Aim of the task:
Output nothing but the lines from the first line of the listing below through the line containing "#7=PRODUCT_DEFINITION_CONTEXT('part definition',#1,'design');", printed exactly and free of pictures.

--

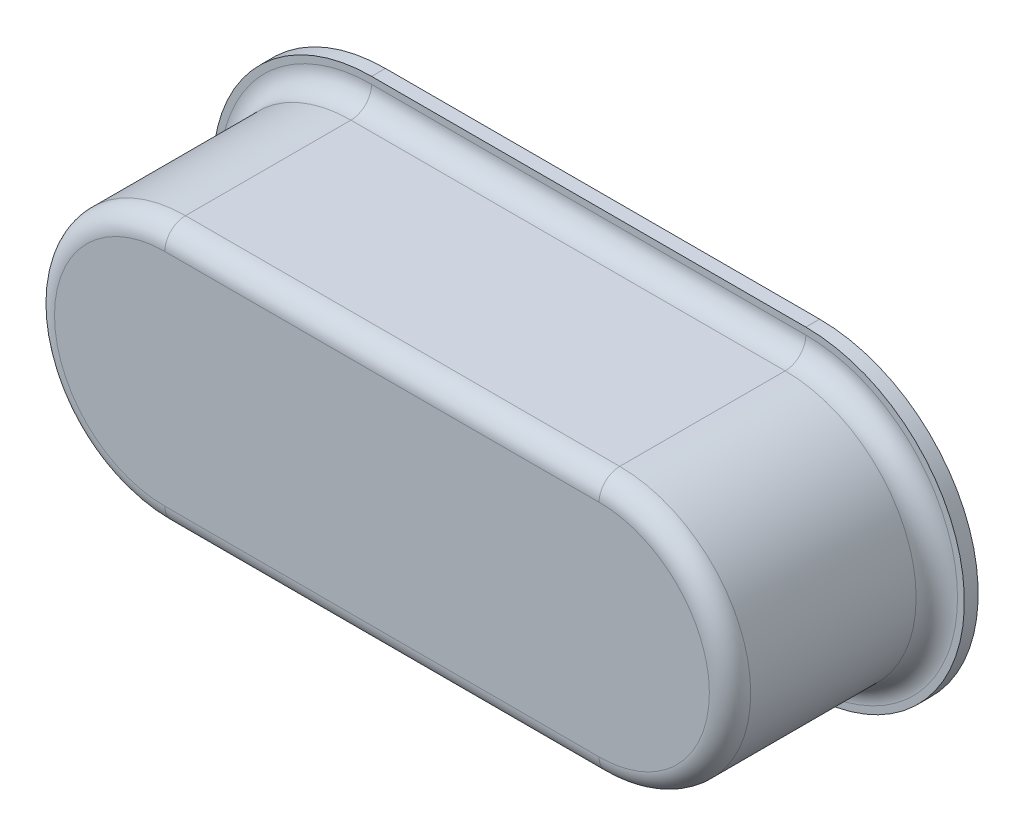
ISO-10303-21;
HEADER;
FILE_DESCRIPTION(('STEP AP214'),'2;1');
FILE_NAME('part.step','',(''),(''),'','','');
FILE_SCHEMA(('AUTOMOTIVE_DESIGN { 1 0 10303 214 1 1 1 1 }'));
ENDSEC;
DATA;
#1=APPLICATION_CONTEXT('core data for automotive mechanical design processes');
#2=APPLICATION_PROTOCOL_DEFINITION('international standard','automotive_design',2000,#1);
#3=PRODUCT_CONTEXT('',#1,'mechanical');
#4=PRODUCT('Part','Part','',(#3));
#5=PRODUCT_RELATED_PRODUCT_CATEGORY('part','',(#4));
#6=PRODUCT_DEFINITION_FORMATION('','',#4);
#7=PRODUCT_DEFINITION_CONTEXT('part definition',#1,'design');
#8=PRODUCT_DEFINITION('design','',#6,#7);
#9=PRODUCT_DEFINITION_SHAPE('','',#8);
#10=(LENGTH_UNIT() NAMED_UNIT(*) SI_UNIT(.MILLI.,.METRE.));
#11=(NAMED_UNIT(*) PLANE_ANGLE_UNIT() SI_UNIT($,.RADIAN.));
#12=(NAMED_UNIT(*) SI_UNIT($,.STERADIAN.) SOLID_ANGLE_UNIT());
#13=UNCERTAINTY_MEASURE_WITH_UNIT(LENGTH_MEASURE(1.E-05),#10,'distance_accuracy_value','');
#14=(GEOMETRIC_REPRESENTATION_CONTEXT(3) GLOBAL_UNCERTAINTY_ASSIGNED_CONTEXT((#13)) GLOBAL_UNIT_ASSIGNED_CONTEXT((#10,
#11,#12)) REPRESENTATION_CONTEXT('',''));
#15=CARTESIAN_POINT('',(0.,0.,0.));
#16=DIRECTION('',(0.,0.,1.));
#17=DIRECTION('',(1.,0.,0.));
#18=AXIS2_PLACEMENT_3D('',#15,#16,#17);
#19=CARTESIAN_POINT('',(-3.15,0.,4.));
#20=DIRECTION('',(0.,0.,1.));
#21=DIRECTION('',(1.,0.,0.));
#22=AXIS2_PLACEMENT_3D('',#19,#20,#21);
#23=PLANE('',#22);
#24=CARTESIAN_POINT('',(4.75,0.,4.));
#25=CARTESIAN_POINT('',(4.75000010977069,-0.0174532960022455,4.));
#26=CARTESIAN_POINT('',(4.74971442509499,-0.0349065857803312,4.));
#27=CARTESIAN_POINT('',(4.74857225482939,-0.069794479249352,4.));
#28=CARTESIAN_POINT('',(4.74771576923948,-0.087229082940287,4.));
#29=CARTESIAN_POINT('',(4.74543278512405,-0.122060930596172,4.));
#30=CARTESIAN_POINT('',(4.74400628659851,-0.139458174561122,4.));
#31=CARTESIAN_POINT('',(4.74058483875252,-0.174196674493472,4.));
#32=CARTESIAN_POINT('',(4.73858988943207,-0.191537930460873,4.));
#33=CARTESIAN_POINT('',(4.73403366696413,-0.226145884643291,4.));
#34=CARTESIAN_POINT('',(4.73147239381664,-0.243412582858308,4.));
#35=CARTESIAN_POINT('',(4.72578626885498,-0.277852932004375,4.));
#36=CARTESIAN_POINT('',(4.7226614170408,-0.295026582935424,4.));
#37=CARTESIAN_POINT('',(4.71585148024954,-0.329262447516187,4.));
#38=CARTESIAN_POINT('',(4.71216639527244,-0.346324661165901,4.));
#39=CARTESIAN_POINT('',(4.70423993841503,-0.380319380544095,4.));
#40=CARTESIAN_POINT('',(4.69999856653471,-0.397251886272575,4.));
#41=CARTESIAN_POINT('',(4.69096407759031,-0.430969058055493,4.));
#42=CARTESIAN_POINT('',(4.68617096052621,-0.44775372410993,4.));
#43=CARTESIAN_POINT('',(4.67603811381686,-0.481157243104352,4.));
#44=CARTESIAN_POINT('',(4.67069838417159,-0.497776096044336,4.));
#45=CARTESIAN_POINT('',(4.65947803021274,-0.530830192925783,4.));
#46=CARTESIAN_POINT('',(4.65359740589916,-0.547265436867246,4.));
#47=CARTESIAN_POINT('',(4.64130155972429,-0.579934716480705,4.));
#48=CARTESIAN_POINT('',(4.634886337863,-0.5961687521527,4.));
#49=CARTESIAN_POINT('',(4.62152816617311,-0.628418231415589,4.));
#50=CARTESIAN_POINT('',(4.61458521634451,-0.644433675006483,4.));
#51=CARTESIAN_POINT('',(4.60017902340325,-0.676228820367582,4.));
#52=CARTESIAN_POINT('',(4.5927157802906,-0.692008522137788,4.));
#53=CARTESIAN_POINT('',(4.57727699261401,-0.723315286563018,4.));
#54=CARTESIAN_POINT('',(4.56930144805007,-0.738842349218041,4.));
#55=CARTESIAN_POINT('',(4.55284659786467,-0.769627208625153,4.));
#56=CARTESIAN_POINT('',(4.5443672922432,-0.784885005377241,4.));
#57=CARTESIAN_POINT('',(4.526913999867,-0.815114994622759,4.));
#58=CARTESIAN_POINT('',(4.51794001311227,-0.830087187116189,4.));
#59=CARTESIAN_POINT('',(4.49950696777278,-0.85972993496499,4.));
#60=CARTESIAN_POINT('',(4.49004790918804,-0.874400490320362,3.99999999999999));
#61=CARTESIAN_POINT('',(4.47065485018011,-0.903424255342366,4.));
#62=CARTESIAN_POINT('',(4.46072084975693,-0.917777465008997,4.00000000000002));
#63=CARTESIAN_POINT('',(4.44038854093624,-0.946151164967971,3.99999999999998));
#64=CARTESIAN_POINT('',(4.42999023253874,-0.960171655260313,3.99999999999992));
#65=CARTESIAN_POINT('',(4.40874045639321,-0.987864917567594,4.00000000000008));
#66=CARTESIAN_POINT('',(4.39788898864517,-1.00153768958253,4.00000000000031));
#67=CARTESIAN_POINT('',(4.37574446211558,-1.02852081974113,3.99999999999969));
#68=CARTESIAN_POINT('',(4.36445140333403,-1.0418311778848,3.99999999999884));
#69=CARTESIAN_POINT('',(4.34143598059869,-1.06807543043543,4.00000000000116));
#70=CARTESIAN_POINT('',(4.3297136166449,-1.0810093248424,4.00000000000434));
#71=CARTESIAN_POINT('',(4.30585141598817,-1.10648604163079,3.99999999999566));
#72=CARTESIAN_POINT('',(4.29371157928523,-1.11902886401222,3.9999999999838));
#73=CARTESIAN_POINT('',(4.2685244970072,-1.14421851077046,4.00000000001686));
#74=CARTESIAN_POINT('',(4.25546045227167,-1.15684854068546,4.00000000006412));
#75=CARTESIAN_POINT('',(4.22891477116965,-1.18166182818993,3.99999999961358));
#76=CARTESIAN_POINT('',(4.21543313425486,-1.19384508519273,3.99999999911578));
#77=CARTESIAN_POINT('',(4.18806657907684,-1.21775032243384,3.99999999572757));
#78=CARTESIAN_POINT('',(4.17418165527758,-1.22947229633476,3.99999999283714));
#79=CARTESIAN_POINT('',(4.14602450893429,-1.25244225574636,3.99999998105727));
#80=CARTESIAN_POINT('',(4.13175227627046,-1.26369022885244,3.99999997216769));
#81=CARTESIAN_POINT('',(4.10283580708651,-1.28569849003149,3.99999994532574));
#82=CARTESIAN_POINT('',(4.08819155623854,-1.29645875927653,3.99999992737303));
#83=CARTESIAN_POINT('',(4.05854997688082,-1.31748318810887,3.99999987119474));
#84=CARTESIAN_POINT('',(4.04355263040594,-1.32774732237186,3.99999983296813));
#85=CARTESIAN_POINT('',(4.01323587380716,-1.34773867742504,3.99999974940706));
#86=CARTESIAN_POINT('',(3.99791697472497,-1.357466672489,3.99999970408323));
#87=CARTESIAN_POINT('',(3.96694537326438,-1.37637604468276,3.99999964372264));
#88=CARTESIAN_POINT('',(3.95129267014566,-1.38555742060008,3.99999962868595));
#89=CARTESIAN_POINT('',(3.91967602080263,-1.40336648548963,3.99999962951331));
#90=CARTESIAN_POINT('',(3.90371208500269,-1.41199419296495,3.99999964537632));
#91=CARTESIAN_POINT('',(3.87149144469668,-1.42868101919026,3.99999970278082));
#92=CARTESIAN_POINT('',(3.85523476049407,-1.43674017718261,3.99999974432053));
#93=CARTESIAN_POINT('',(3.82245366831295,-1.45229133375509,3.99999983855285));
#94=CARTESIAN_POINT('',(3.80592928855544,-1.45978339165376,3.99999989124429));
#95=CARTESIAN_POINT('',(3.77261797533825,-1.47414883404696,3.99999996682688));
#96=CARTESIAN_POINT('',(3.75583107906832,-1.48102230525897,3.99999998972222));
#97=CARTESIAN_POINT('',(3.71635353220262,-1.49654941352495,4.00000001375969));
#98=CARTESIAN_POINT('',(3.69358947392863,-1.50501725261556,4.00000000490451));
#99=CARTESIAN_POINT('',(3.64583880502861,-1.52152472952498,3.99999999216639));
#100=CARTESIAN_POINT('',(3.62082097443315,-1.52947480177838,3.99999998874189));
#101=CARTESIAN_POINT('',(3.57734337283766,-1.5421317893423,3.99999997059212));
#102=CARTESIAN_POINT('',(3.55896752071305,-1.54713006647686,3.99999995922513));
#103=CARTESIAN_POINT('',(3.52433174616512,-1.55588191616359,3.99999993909778));
#104=CARTESIAN_POINT('',(3.50809145298623,-1.55971297718457,3.99999993018893));
#105=CARTESIAN_POINT('',(3.47780051169748,-1.5663531600699,3.99999991801431));
#106=CARTESIAN_POINT('',(3.46376468780295,-1.56923019285811,3.99999991412908));
#107=CARTESIAN_POINT('',(3.43324031028107,-1.57505440882232,3.9999999106685));
#108=CARTESIAN_POINT('',(3.41673827139217,-1.57793121785972,3.99999991193284));
#109=CARTESIAN_POINT('',(3.3836518188667,-1.58316152502645,3.99999991727584));
#110=CARTESIAN_POINT('',(3.36706740623607,-1.58551502953039,3.99999992135446));
#111=CARTESIAN_POINT('',(3.33383262924117,-1.58969524195414,3.99999993241766));
#112=CARTESIAN_POINT('',(3.31718226626683,-1.59152196091694,3.99999993940218));
#113=CARTESIAN_POINT('',(3.28383254753917,-1.59464708463657,3.99999995455966));
#114=CARTESIAN_POINT('',(3.26713319325797,-1.59594550510763,3.99999996273258));
#115=CARTESIAN_POINT('',(3.23370237417473,-1.59801264303175,3.99999997822741));
#116=CARTESIAN_POINT('',(3.21697091063471,-1.59878138089252,3.99999998554935));
#117=CARTESIAN_POINT('',(3.18349282316435,-1.59978854594714,3.99999999637736));
#118=CARTESIAN_POINT('',(3.16674619998877,-1.60002699823055,3.99999999988362));
#119=CARTESIAN_POINT('',(3.15,-1.6,4.));
#120=B_SPLINE_CURVE_WITH_KNOTS('',3,(#24,#25,#26,#27,#28,#29,#30,#31,#32,#33,#34,#35,#36,#37,
#38,#39,#40,#41,#42,#43,#44,#45,#46,#47,#48,#49,#50,#51,#52,#53,#54,#55,#56,#57,#58,#59,#60,#61,
#62,#63,#64,#65,#66,#67,#68,#69,#70,#71,#72,#73,#74,#75,#76,#77,#78,#79,#80,#81,#82,#83,#84,#85,
#86,#87,#88,#89,#90,#91,#92,#93,#94,#95,#96,#97,#98,#99,#100,#101,#102,#103,#104,#105,#106,#107,
#108,#109,#110,#111,#112,#113,#114,#115,#116,#117,#118,#119),.UNSPECIFIED.,.F.,.F.,(4,2,2,2,2,2,
2,2,2,2,2,2,2,2,2,2,2,2,2,2,2,2,2,2,2,2,2,2,2,2,2,2,2,2,2,2,2,2,2,2,2,2,2,2,2,2,2,4),(0.,
0.0523575412047566,0.104715082409516,0.157072623614273,0.209430164819029,0.261787706023787,
0.314145247228547,0.366502788433305,0.418860329638061,0.471217870842821,0.523575412047577,
0.575932953252337,0.628290494457093,0.68064803566185,0.733005576866609,0.785363118071366,
0.837720659276123,0.890078200480882,0.942435741685639,0.994793282890397,1.04715082409515,
1.09950836529991,1.15186590650467,1.20422344770943,1.25658098891419,1.31108371964887,
1.36558652194861,1.42009007277799,1.47459504907836,1.52910212776716,1.58361198573716,
1.63804094048324,1.69247001595607,1.74689727151032,1.80132076670791,1.85573856133054,
1.9101487153933,1.98299196558938,2.06170810438995,2.11882756591547,2.16887693032146,
2.21185489508934,2.26209892756126,2.31234234795466,2.36258471502074,2.41282558751921,
2.46306452421848,2.51330108389596),.UNSPECIFIED.);
#121=CARTESIAN_POINT('',(4.75,0.,4.));
#122=VERTEX_POINT('',#121);
#123=CARTESIAN_POINT('',(3.15,-1.6,4.));
#124=VERTEX_POINT('',#123);
#125=EDGE_CURVE('E125',#122,#124,#120,.T.);
#126=ORIENTED_EDGE('',*,*,#125,.F.);
#127=CARTESIAN_POINT('',(3.15,1.6,4.));
#128=CARTESIAN_POINT('',(3.16828557699269,1.60000011479168,3.99999999980515));
#129=CARTESIAN_POINT('',(3.18657113712359,1.59968963754846,3.99999999999896));
#130=CARTESIAN_POINT('',(3.22312124287955,1.59844838348491,3.99999999971187));
#131=CARTESIAN_POINT('',(3.24138578844693,1.59751760496596,3.99999999923096));
#132=CARTESIAN_POINT('',(3.27787304836958,1.59503661487103,3.99999999614231));
#133=CARTESIAN_POINT('',(3.29609576211465,1.59348639431613,3.99999999353454));
#134=CARTESIAN_POINT('',(3.33247848759917,1.58976853858637,3.9999999830426));
#135=CARTESIAN_POINT('',(3.35063849768,1.58760088720402,3.99999997515829));
#136=CARTESIAN_POINT('',(3.38687544502578,1.58264975814967,3.99999995081388));
#137=CARTESIAN_POINT('',(3.40495237910708,1.57986625707462,3.99999993435345));
#138=CARTESIAN_POINT('',(3.43198902711926,1.57523386045183,3.99999989727424));
#139=CARTESIAN_POINT('',(3.44098843951015,1.57361347098075,3.999999882849));
#140=CARTESIAN_POINT('',(3.4589507511117,1.57021852006567,3.999999852555));
#141=CARTESIAN_POINT('',(3.46791367366786,1.56844408225044,3.99999983668739));
#142=CARTESIAN_POINT('',(3.49475323615122,1.56288311690037,3.99999979540103));
#143=CARTESIAN_POINT('',(3.51258120411127,1.55885884653545,3.99999977629741));
#144=CARTESIAN_POINT('',(3.54808384011912,1.55018551657002,3.99999976125795));
#145=CARTESIAN_POINT('',(3.56575851058789,1.54553646685558,3.99999976532174));
#146=CARTESIAN_POINT('',(3.6009311271481,1.53561554167753,3.99999979512661));
#147=CARTESIAN_POINT('',(3.61842908197629,1.53034369716985,3.9999998208666));
#148=CARTESIAN_POINT('',(3.65323036575008,1.51919593139758,3.99999988323248));
#149=CARTESIAN_POINT('',(3.67053371083403,1.51332006063879,3.99999991985747));
#150=CARTESIAN_POINT('',(3.70490680463616,1.50092813108426,3.99999997582968));
#151=CARTESIAN_POINT('',(3.72197658054346,1.49441214753708,3.99999999517893));
#152=CARTESIAN_POINT('',(3.74823661923945,1.48396864411282,4.00000000263706));
#153=CARTESIAN_POINT('',(3.75749333315976,1.48020573090504,4.00000000092736));
#154=CARTESIAN_POINT('',(3.78642386559242,1.46814092664129,3.99999999773363));
#155=CARTESIAN_POINT('',(3.8059755902883,1.4595426248697,3.99999999871624));
#156=CARTESIAN_POINT('',(3.84664259497911,1.44068300454628,3.99999998562315));
#157=CARTESIAN_POINT('',(3.86772054925518,1.43034132805912,3.99999997004381));
#158=CARTESIAN_POINT('',(3.91298891492952,1.40687919618383,3.99999992187595));
#159=CARTESIAN_POINT('',(3.93709063870694,1.39358682563235,3.99999988682146));
#160=CARTESIAN_POINT('',(3.97683814179472,1.37028955618997,3.99999983489549));
#161=CARTESIAN_POINT('',(3.99268301972124,1.36062271323932,3.99999981581929));
#162=CARTESIAN_POINT('',(4.01521278439546,1.34632191322741,3.99999979959412));
#163=CARTESIAN_POINT('',(4.02204092328979,1.34191279199552,3.99999979614714));
#164=CARTESIAN_POINT('',(4.03710570193166,1.33201837518206,3.99999979166302));
#165=CARTESIAN_POINT('',(4.04532562262463,1.32650761996385,3.99999979131322));
#166=CARTESIAN_POINT('',(4.06982779629793,1.309745791784,3.99999979382488));
#167=CARTESIAN_POINT('',(4.08595343444843,1.29826454255809,3.99999980024693));
#168=CARTESIAN_POINT('',(4.11776151999272,1.2747054920081,3.99999982270213));
#169=CARTESIAN_POINT('',(4.13344398179998,1.26262771012032,3.99999983873498));
#170=CARTESIAN_POINT('',(4.16434253265759,1.23789117893789,3.99999987587492));
#171=CARTESIAN_POINT('',(4.17955864460087,1.22523245823775,3.99999989698177));
#172=CARTESIAN_POINT('',(4.20950847990145,1.19935823625408,3.99999993877402));
#173=CARTESIAN_POINT('',(4.22424223492338,1.18614277164911,3.99999995945945));
#174=CARTESIAN_POINT('',(4.25318468525146,1.15915143800876,3.99999998892128));
#175=CARTESIAN_POINT('',(4.26739342371692,1.14537561523443,3.99999999769866));
#176=CARTESIAN_POINT('',(4.28909655855941,1.12363003013346,4.00000000127201));
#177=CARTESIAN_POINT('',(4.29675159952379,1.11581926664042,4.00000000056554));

--

Result of this exercise:
ISO-10303-21;
HEADER;
FILE_DESCRIPTION(('STEP AP214'),'2;1');
FILE_NAME('part.step','',(''),(''),'','','');
FILE_SCHEMA(('AUTOMOTIVE_DESIGN { 1 0 10303 214 1 1 1 1 }'));
ENDSEC;
DATA;
#1=APPLICATION_CONTEXT('core data for automotive mechanical design processes');
#2=APPLICATION_PROTOCOL_DEFINITION('international standard','automotive_design',2000,#1);
#3=PRODUCT_CONTEXT('',#1,'mechanical');
#4=PRODUCT('Part','Part','',(#3));
#5=PRODUCT_RELATED_PRODUCT_CATEGORY('part','',(#4));
#6=PRODUCT_DEFINITION_FORMATION('','',#4);
#7=PRODUCT_DEFINITION_CONTEXT('part definition',#1,'design');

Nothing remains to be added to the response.